Example 3 - Isotropic Bearings, asymmetrical rotor.#

In this example, we use the rotor seen in Example 5.9.1 from [Friswell, 2010]. A 1.5-m-long shaft, with a diameter of \(0.05 m\). The disks are keyed to the shaft at \(0.5\) and \(1 m\) from one end. The left disk is \(0.07 m\) thick with a diameter of \(0.28 m\); the right disk is \(0.07 m\) thick with a diameter of \(0.35 m\). For the shaft, \(E = 211 GN/m^2\) and \(G = 81.2 GN/m^2\). There is no internal shaft damping. For both the shaft and the disks, \(\rho = 7,810 kg/m^3\). The shaft is supported by identical bearings at its ends.

These bearings are isotropic and have a stiffness of \(1 MN/m\) in both the x and y directions.

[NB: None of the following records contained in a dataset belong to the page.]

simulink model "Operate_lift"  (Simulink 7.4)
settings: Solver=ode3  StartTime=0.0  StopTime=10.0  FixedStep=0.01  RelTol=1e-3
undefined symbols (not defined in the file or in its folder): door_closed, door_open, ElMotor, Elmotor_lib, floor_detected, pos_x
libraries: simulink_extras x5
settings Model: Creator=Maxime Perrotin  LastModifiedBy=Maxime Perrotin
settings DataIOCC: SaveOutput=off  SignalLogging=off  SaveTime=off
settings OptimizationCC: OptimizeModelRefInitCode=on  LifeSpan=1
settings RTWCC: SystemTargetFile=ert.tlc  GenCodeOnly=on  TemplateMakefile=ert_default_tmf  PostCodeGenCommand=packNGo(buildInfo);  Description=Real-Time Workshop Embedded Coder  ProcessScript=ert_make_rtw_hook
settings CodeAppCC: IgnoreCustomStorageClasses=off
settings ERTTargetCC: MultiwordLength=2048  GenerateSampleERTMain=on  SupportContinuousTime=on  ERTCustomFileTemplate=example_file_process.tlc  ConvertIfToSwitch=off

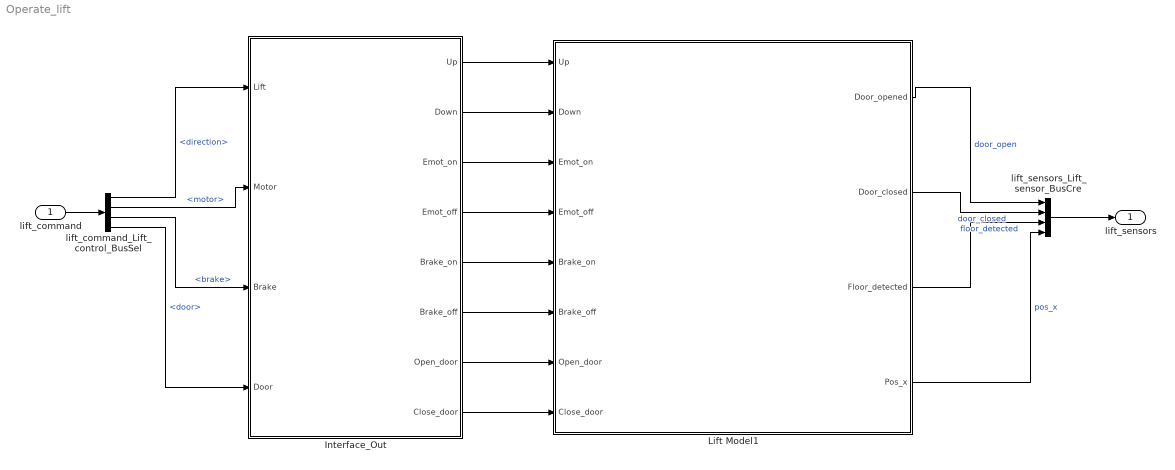
== system Operate_lift ==
  lift_command : Inport  UseBusObject=on  OutDataType=fixdt(1, 16)  OutScaling=2^0
      settings: BusObject=Lift_control
  Interface_Out : Subsystem
  Lift Model1 : Subsystem
  lift_command_Lift_control_BusSel : BusSelector  OutputSignals=direction,motor,brake,door
  lift_sensors_Lift_sensor_BusCre : BusCreator  Inputs=door_open,door_closed,floor_detected,pos_x
      settings: BusObject=Lift_sensor
  lift_sensors : Outport  UseBusObject=on  OutDataType=fixdt(1, 16)  OutScaling=2^0
      settings: BusObject=Lift_sensor
  wires:
  lift_command/1 -> lift_command_Lift_control_BusSel/1
  lift_sensors_Lift_sensor_BusCre/1 -> lift_sensors/1
  Interface_Out/1(Up) -> Lift Model1/1(Up)
  Interface_Out/2(Down) -> Lift Model1/2(Down)
  Interface_Out/3(Emot_on) -> Lift Model1/3(Emot_on)
  Interface_Out/4(Emot_off) -> Lift Model1/4(Emot_off)
  Interface_Out/5(Brake_on) -> Lift Model1/5(Brake_on)
  Interface_Out/6(Brake_off) -> Lift Model1/6(Brake_off)
  Interface_Out/7(Open_door) -> Lift Model1/7(Open_door)
  Interface_Out/8(Close_door) -> Lift Model1/8(Close_door)
  lift_command_Lift_control_BusSel/1 -> Interface_Out/1(Lift)  "<direction>"
  lift_command_Lift_control_BusSel/2 -> Interface_Out/2(Motor)  "<motor>"
  lift_command_Lift_control_BusSel/3 -> Interface_Out/3(Brake)  "<brake>"
  lift_command_Lift_control_BusSel/4 -> Interface_Out/4(Door)  "<door>"
  Lift Model1/1(Door_opened) -> lift_sensors_Lift_sensor_BusCre/1  "door_open"
  Lift Model1/2(Door_closed) -> lift_sensors_Lift_sensor_BusCre/2  "door_closed"
  Lift Model1/3(Floor_detected) -> lift_sensors_Lift_sensor_BusCre/3  "floor_detected"
  Lift Model1/4(Pos_x) -> lift_sensors_Lift_sensor_BusCre/4  "pos_x"

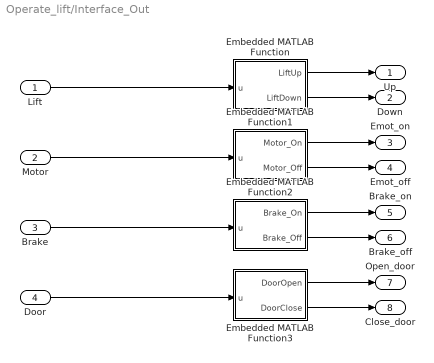
== system Operate_lift/Interface_Out ==
  Lift : Inport
  Motor : Inport  Port=2
  Brake : Inport  Port=3
  Door : Inport  Port=4
  Embedded MATLAB Function : Stateflow chart  TreatAsAtomicUnit=on
  Embedded MATLAB Function1 : Stateflow chart  TreatAsAtomicUnit=on
  Embedded MATLAB Function2 : Stateflow chart  TreatAsAtomicUnit=on
  Embedded MATLAB Function3 : Stateflow chart  TreatAsAtomicUnit=on
  Up : Outport
  Down : Outport  Port=2
  Emot_on : Outport  Port=3
  Emot_off : Outport  Port=4
  Brake_on : Outport  Port=5
  Brake_off : Outport  Port=6
  Open_door : Outport  Port=7
  Close_door : Outport  Port=8
  wires:
  Embedded MATLAB Function3/2(DoorClose) -> Close_door/1
  Embedded MATLAB Function3/1(DoorOpen) -> Open_door/1
  Embedded MATLAB Function2/2(Brake_Off) -> Brake_off/1
  Embedded MATLAB Function2/1(Brake_On) -> Brake_on/1
  Embedded MATLAB Function1/2(Motor_Off) -> Emot_off/1
  Embedded MATLAB Function1/1(Motor_On) -> Emot_on/1
  Embedded MATLAB Function/2(LiftDown) -> Down/1
  Embedded MATLAB Function/1(LiftUp) -> Up/1
  Door/1 -> Embedded MATLAB Function3/1(u)
  Brake/1 -> Embedded MATLAB Function2/1(u)
  Motor/1 -> Embedded MATLAB Function1/1(u)
  Lift/1 -> Embedded MATLAB Function/1(u)

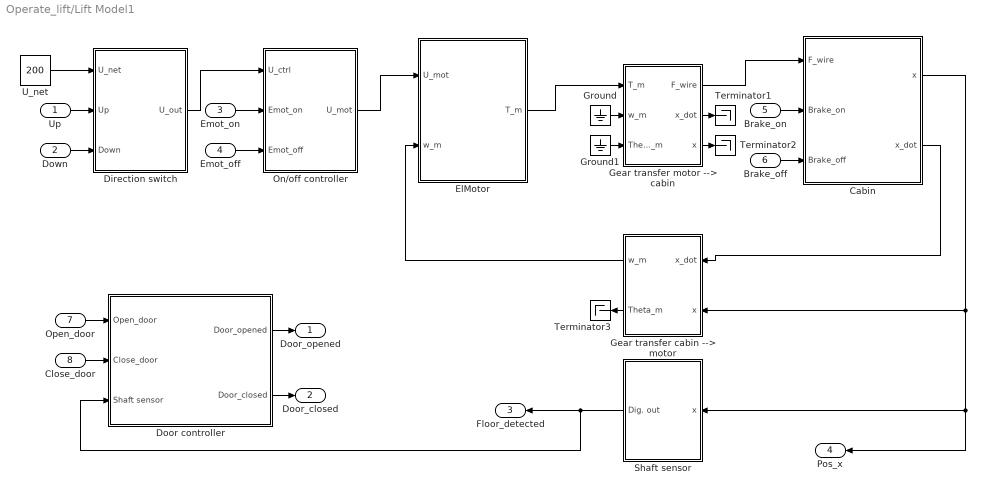
== system Operate_lift/Lift Model1 ==
  Up : Inport
  Down : Inport  Port=2
  Emot_on : Inport  Port=3
  Emot_off : Inport  Port=4
  Brake_on : Inport  Port=5
  Brake_off : Inport  Port=6
  Open_door : Inport  Port=7
  Close_door : Inport  Port=8
  Cabin : Subsystem  Description=Describes the motion of an elevator cabin, with constant mass, influenced by the force in the wire and gravitaion
  Direction switch : Subsystem
  Door controller : Subsystem
  ElMotor : Subsystem  AncestorBlock=Elmotor_lib/ElMotor
  Gear transfer cabin --> motor : Subsystem
  "Gear transfer motor --> cabin " : Subsystem
  Ground : Ground
  Ground1 : Ground
  On/off controller : Subsystem
  Shaft sensor : Subsystem
  Terminator1 : Terminator
  Terminator2 : Terminator
  Terminator3 : Terminator
  U_net : Constant  Value=200
  Door_opened : Outport
  Door_closed : Outport  Port=2
  Floor_detected : Outport  Port=3
  Pos_x : Outport  Port=4
  wires:
  Cabin/1(x) -> Gear transfer cabin --> motor/2(x), Shaft sensor/1(x), Pos_x/1
  Cabin/2(x_dot) -> Gear transfer cabin --> motor/1(x_dot)
  "Gear transfer motor --> cabin "/1(F_wire) -> Cabin/1(F_wire)
  U_net/1 -> Direction switch/1(U_net)
  Direction switch/1(U_out) -> On/off controller/1(U_ctrl)
  On/off controller/1(U_mot) -> ElMotor/1(U_mot)
  ElMotor/1(T_m) -> "Gear transfer motor --> cabin "/1(T_m)
  "Gear transfer motor --> cabin "/2(x_dot) -> Terminator1/1
  "Gear transfer motor --> cabin "/3(x) -> Terminator2/1
  Ground/1 -> "Gear transfer motor --> cabin "/2(w_m)
  Ground1/1 -> "Gear transfer motor --> cabin "/3(Theta_m)
  Shaft sensor/1(Dig. out) -> Door controller/3(Shaft sensor), Floor_detected/1
  Brake_on/1 -> Cabin/2(Brake_on)
  Up/1 -> Direction switch/2(Up)
  Emot_on/1 -> On/off controller/2(Emot_on)
  Down/1 -> Direction switch/3(Down)
  Emot_off/1 -> On/off controller/3(Emot_off)
  Gear transfer cabin --> motor/2(Theta_m) -> Terminator3/1
  Open_door/1 -> Door controller/1(Open_door)
  Door controller/1(Door_opened) -> Door_opened/1
  Close_door/1 -> Door controller/2(Close_door)
  Door controller/2(Door_closed) -> Door_closed/1
  Brake_off/1 -> Cabin/3(Brake_off)
  Gear transfer cabin --> motor/1(w_m) -> ElMotor/2(w_m)

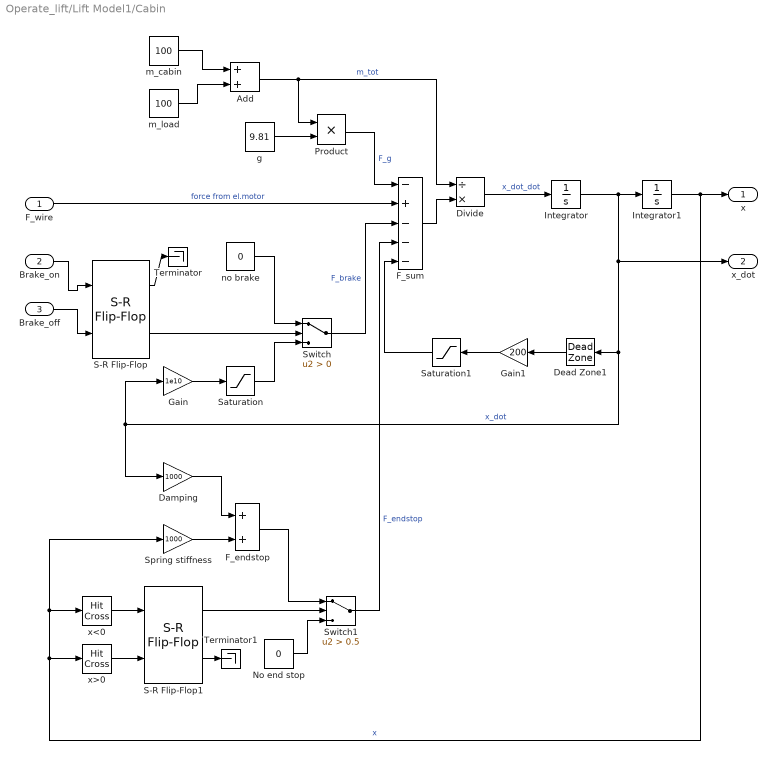
== system Operate_lift/Lift Model1/Cabin ==
  F_wire : Inport
  Brake_on : Inport  Port=2
  Brake_off : Inport  Port=3
  Add : Sum
  Damping : Gain  Gain=1000
  Dead Zone1 : DeadZone  LowerValue=-2  UpperValue=3  SaturateOnIntegerOverflow=on
  Divide : Product  Inputs=/*
  F_endstop : Sum
  F_sum : Sum  Inputs=-+---
  Gain : Gain  Gain=1e10
  Gain1 : Gain  Gain=200
  Integrator : Integrator
  Integrator1 : Integrator  InitialCondition=70
  No end stop : Constant  Value=0
  Product : Product  RndMeth=Zero
  S-R Flip-Flop : simulink_extras/Flip Flops/S-R Flip-Flop  SystemSampleTime=-1  initial_condition=0
  S-R Flip-Flop1 : simulink_extras/Flip Flops/S-R Flip-Flop  SystemSampleTime=-1  initial_condition=0
  Saturation : Saturate  UpperLimit=1e4  LowerLimit=-1e4
  Saturation1 : Saturate  UpperLimit=1e4  LowerLimit=-1e4
  Spring stiffness : Gain  Gain=1000
  Switch : Switch  Criteria=u2 > Threshold
  Switch1 : Switch  Criteria=u2 > Threshold  Threshold=0.5
  Terminator : Terminator
  Terminator1 : Terminator
  g : Constant  Value=9.81
  m_cabin : Constant  Value=100
  m_load : Constant  Value=100
  no brake : Constant  Value=0
  x<0 : HitCross  HitCrossingDirection=falling
  x>0 : HitCross  HitCrossingDirection=rising
  x : Outport
  x_dot : Outport  Port=2
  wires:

The bearings contribute no additional stiffness to the rotational degrees of freedom and there is no damping or cross-coupling in the bearings.

import ross as rs
import numpy as np
# Classic Instantiation of the rotor
shaft_elements = []
bearing_seal_elements = []
disk_elements = []
steel = rs.Material.load_material("Steel")
for i in range(6):
    shaft_elements.append(rs.ShaftElement(L=0.25, material=steel, n=i, idl=0, odl=0.05))

disk_elements.append(
    rs.DiskElement.from_geometry(n=2, material=steel, width=0.07, i_d=0.05, o_d=0.28)
)

disk_elements.append(
    rs.DiskElement.from_geometry(n=4, material=steel, width=0.07, i_d=0.05, o_d=0.35)
)
bearing_seal_elements.append(rs.BearingElement(n=0, kxx=1e6, kyy=1e6, cxx=0, cyy=0))
bearing_seal_elements.append(rs.BearingElement(n=6, kxx=1e6, kyy=1e6, cxx=0, cyy=0))

rotor591c = rs.Rotor(
    shaft_elements=shaft_elements,
    bearing_elements=bearing_seal_elements,
    disk_elements=disk_elements,
)

rotor591c.plot_rotor()
# From_section class method instantiation.
bearing_seal_elements = []
disk_elements = []
shaft_length_data = 3 * [0.5]
i_d = 3 * [0]
o_d = 3 * [0.05]

disk_elements.append(
    rs.DiskElement.from_geometry(n=1, material=steel, width=0.07, i_d=0.05, o_d=0.28)
)

disk_elements.append(
    rs.DiskElement.from_geometry(n=2, material=steel, width=0.07, i_d=0.05, o_d=0.35)
)
bearing_seal_elements.append(rs.BearingElement(n=0, kxx=1e6, kyy=1e6, cxx=0, cyy=0))
bearing_seal_elements.append(rs.BearingElement(n=3, kxx=1e6, kyy=1e6, cxx=0, cyy=0))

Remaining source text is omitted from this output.